Class 3: Haplosporea
The spores in this class are amoeboid. Also reproduction is only asexual type taking place through multiple fissions.
Ex: Haplosporidium, Ichthyosporidium


SUBPHYLUM III: CNIDOSPORA 

1. Trophozoite has many nuclei. 
2. Spore formation occurs throughout life. 
3. Spores contain polar capsules with polar filaments.
This subphylum includes 2 classes:

Class 1: Myxosporidea
The spores of the animals of this class are large and develop from several nuclei. These are generally extracellular parasites. The spores of this class have two polar filaments and have two to three valves
Ex: Myxobolus

Class 2: Microsporidea
The spores of the animals of this class are small and are developed from only one nucleus. These spores have single valve. These are generally intracellular parasites.
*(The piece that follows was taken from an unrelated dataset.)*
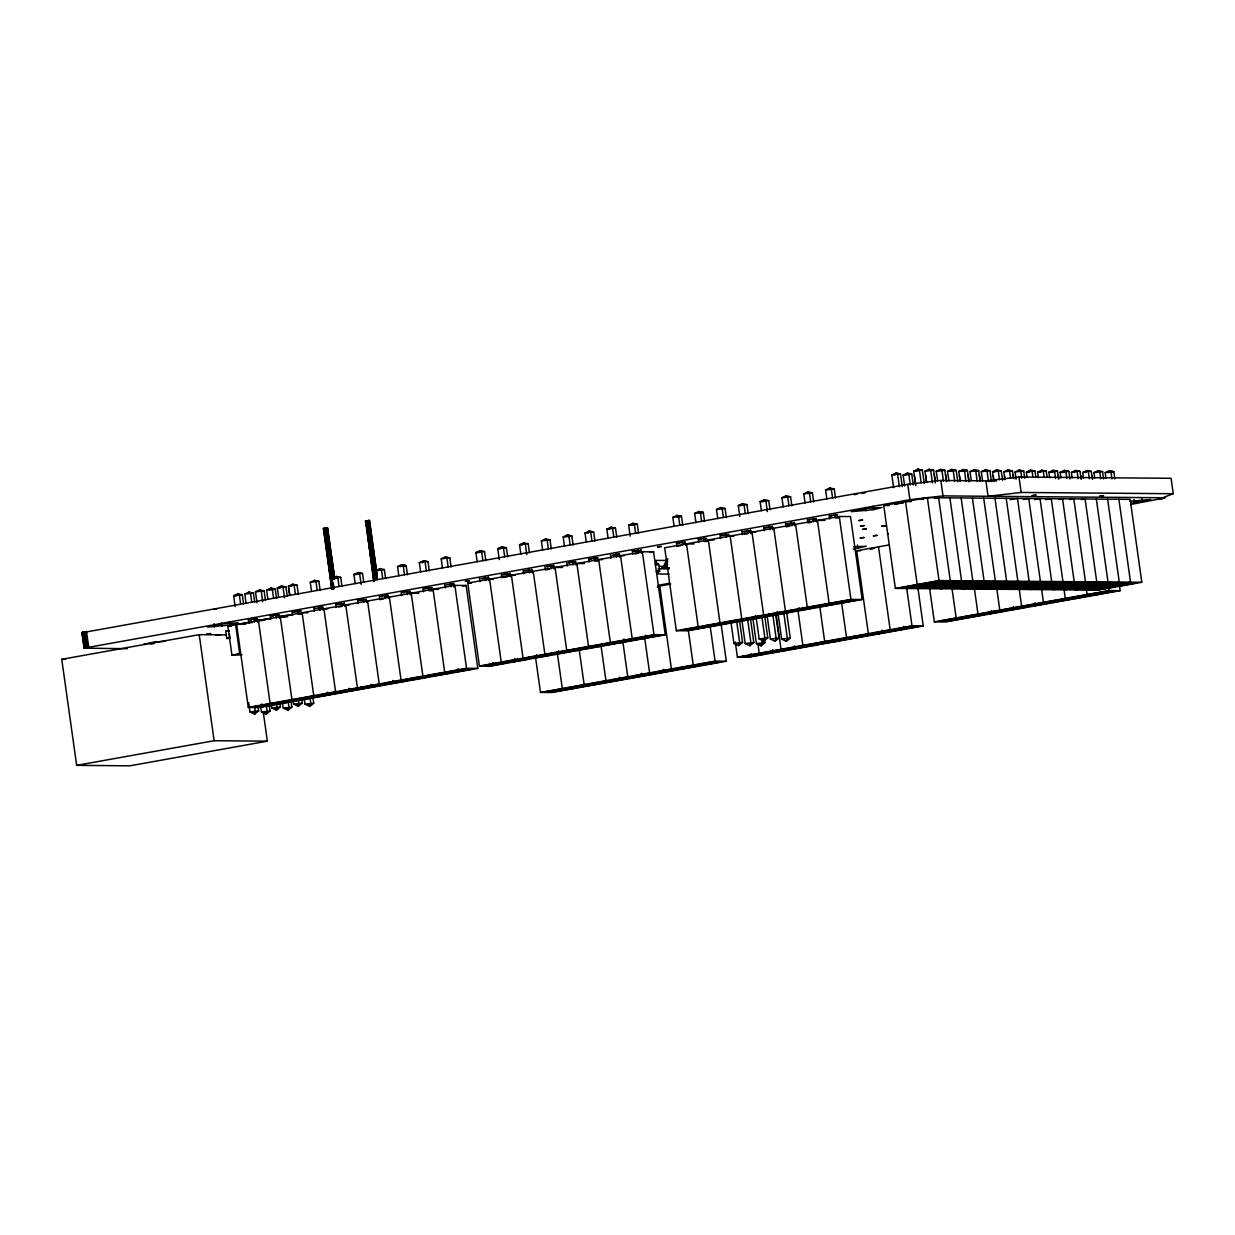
<?xml version="1.0" encoding="UTF-8"?>
<svg xmlns="http://www.w3.org/2000/svg" width="1235" height="1235" viewBox="0 0 1235 1235"><rect width="100%" height="100%" fill="white"/><g stroke="black" fill="none" stroke-linecap="round" stroke-linejoin="round"><path stroke-width="1.5" d="M658.023 570.539L657.885 573.997L669.231 574.09M85.061 648.36L84.088 648.267L81.834 632.706L85.462 631.656L87.623 647.078L84.659 647.804L82.483 632.382M261.094 706.914L276.563 704.135L268.566 704.073L253.113 706.852L261.094 706.914L261.835 703.919M326.565 695.181L342.033 692.403L334.037 692.341L318.584 695.12L326.565 695.181L327.306 692.187M360.975 686.876L363.846 688.497L355.865 688.435L340.397 691.199L348.378 691.276L349.135 688.281M370.207 687.355L385.675 684.591L377.694 684.514L362.225 687.293L370.207 687.355L370.948 684.375M392.035 683.449L407.504 680.67L399.507 680.608L384.054 683.387L392.035 683.449L392.776 680.454M457.506 671.716L472.974 668.938L464.977 668.876L449.525 671.655L457.506 671.716L458.247 668.722M492.209 665.495L507.678 662.732L499.696 662.655L484.228 665.433L492.209 665.495L492.966 662.5M514.038 661.589L529.506 658.811L521.525 658.749L506.057 661.512L514.038 661.589L514.779 658.595M535.866 657.668L551.319 654.905L543.338 654.843L527.87 657.607L535.866 657.668L536.608 654.689M557.68 653.763L573.148 650.999L565.167 650.922L549.698 653.701L557.68 653.763L558.436 650.768M623.15 642.03L638.619 639.267L630.637 639.19L615.169 641.968L623.15 642.03L623.907 639.035M618.75 680.192L634.219 677.428L626.222 677.367L610.769 680.13L618.75 680.192L619.491 677.212M644.979 638.125L660.447 635.346L652.466 635.284L636.998 638.047L644.979 638.125L645.72 635.13M640.564 676.286L656.032 673.523L648.051 673.446L632.582 676.224L640.564 676.286L641.32 673.291M662.392 672.38L677.861 669.602L669.879 669.54L654.411 672.303L662.392 672.38L663.149 669.385M754.616 618.473L770.069 615.709L762.088 615.632L746.619 618.411L754.616 618.473L755.357 615.478M750.201 656.634L765.669 653.871L757.688 653.809L742.22 656.572L750.201 656.634L750.957 653.655M776.429 614.567L791.897 611.788L783.916 611.726L768.448 614.49L776.429 614.567L777.185 611.572M772.029 652.728L787.498 649.965L779.517 649.888L764.048 652.667L772.029 652.728L772.77 649.733M798.258 610.646L813.726 607.882L805.745 607.821L790.277 610.584L798.258 610.646L798.999 607.666M793.858 648.823L809.311 646.044L801.33 645.982L785.861 648.745L793.858 648.823L794.599 645.828M881.142 633.169L896.61 630.406L888.629 630.344L873.16 633.107L881.142 633.169L881.898 630.19M902.97 629.263L918.439 626.5L910.442 626.423L894.989 629.202L902.97 629.263L903.711 626.269M941.255 584.093L956.724 581.33L948.742 581.253L933.274 584.031L941.255 584.093L942.012 581.098M953.235 588.292L968.703 585.513L960.722 585.452L945.254 588.215L953.235 588.292L953.976 585.297M964.504 588.385L979.972 585.606L971.976 585.544L956.523 588.308L964.504 588.385L965.245 585.39M975.774 588.477L991.226 585.699L983.245 585.637L967.777 588.416L975.774 588.477L976.514 585.483M987.027 588.57L1002.496 585.791L994.515 585.73L979.046 588.508L987.027 588.57L987.784 585.575M997.587 584.572L1013.055 581.793L1005.074 581.731L989.605 584.495L997.587 584.572L998.343 581.577M990.779 613.533L1006.247 610.754L998.266 610.692L982.798 613.455L990.779 613.533L991.52 610.538M998.297 588.663L1013.765 585.899L1005.784 585.822L990.316 588.601L998.297 588.663L999.038 585.668M1008.856 584.664L1024.324 581.886L1016.343 581.824L1000.875 584.587L1008.856 584.664L1009.597 581.67M1009.566 588.755L1025.035 585.992L1017.038 585.915L1001.585 588.694L1009.566 588.755L1010.307 585.76M1012.607 609.611L1028.06 606.848L1020.079 606.786L1004.611 609.55L1012.607 609.611L1013.348 606.632M1020.125 584.757L1035.594 581.978L1027.597 581.917L1012.144 584.68L1020.125 584.757L1020.866 581.762M1020.836 588.848L1036.288 586.085L1028.307 586.008L1012.839 588.786L1020.836 588.848L1021.577 585.869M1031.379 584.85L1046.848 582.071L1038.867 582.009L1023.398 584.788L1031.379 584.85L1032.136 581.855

Many of the animals of this class have a single polar filament.
Ex: Nosema bombycis

SUBPHYLUM IV: CILIOPHORA 

1. Body organization complex. 
2. Presence of cilia as feeding and locomotory organelles at some stage in the life cycle. 
3. Two types of nuclei- micronucleus and macronucleus are present.
4. Asexual reproduction by binary fission or budding.
5. Sexual reproduction by conjugation.
Only one class is included in this subphylum:

Class 1: Ciliatea
The locomotory organelles of these animals are numerous hair-like cilia. One or more contractile vacuoles are present in these forms. The nucleus is dimorphic including both macro nucleus and micronucleus.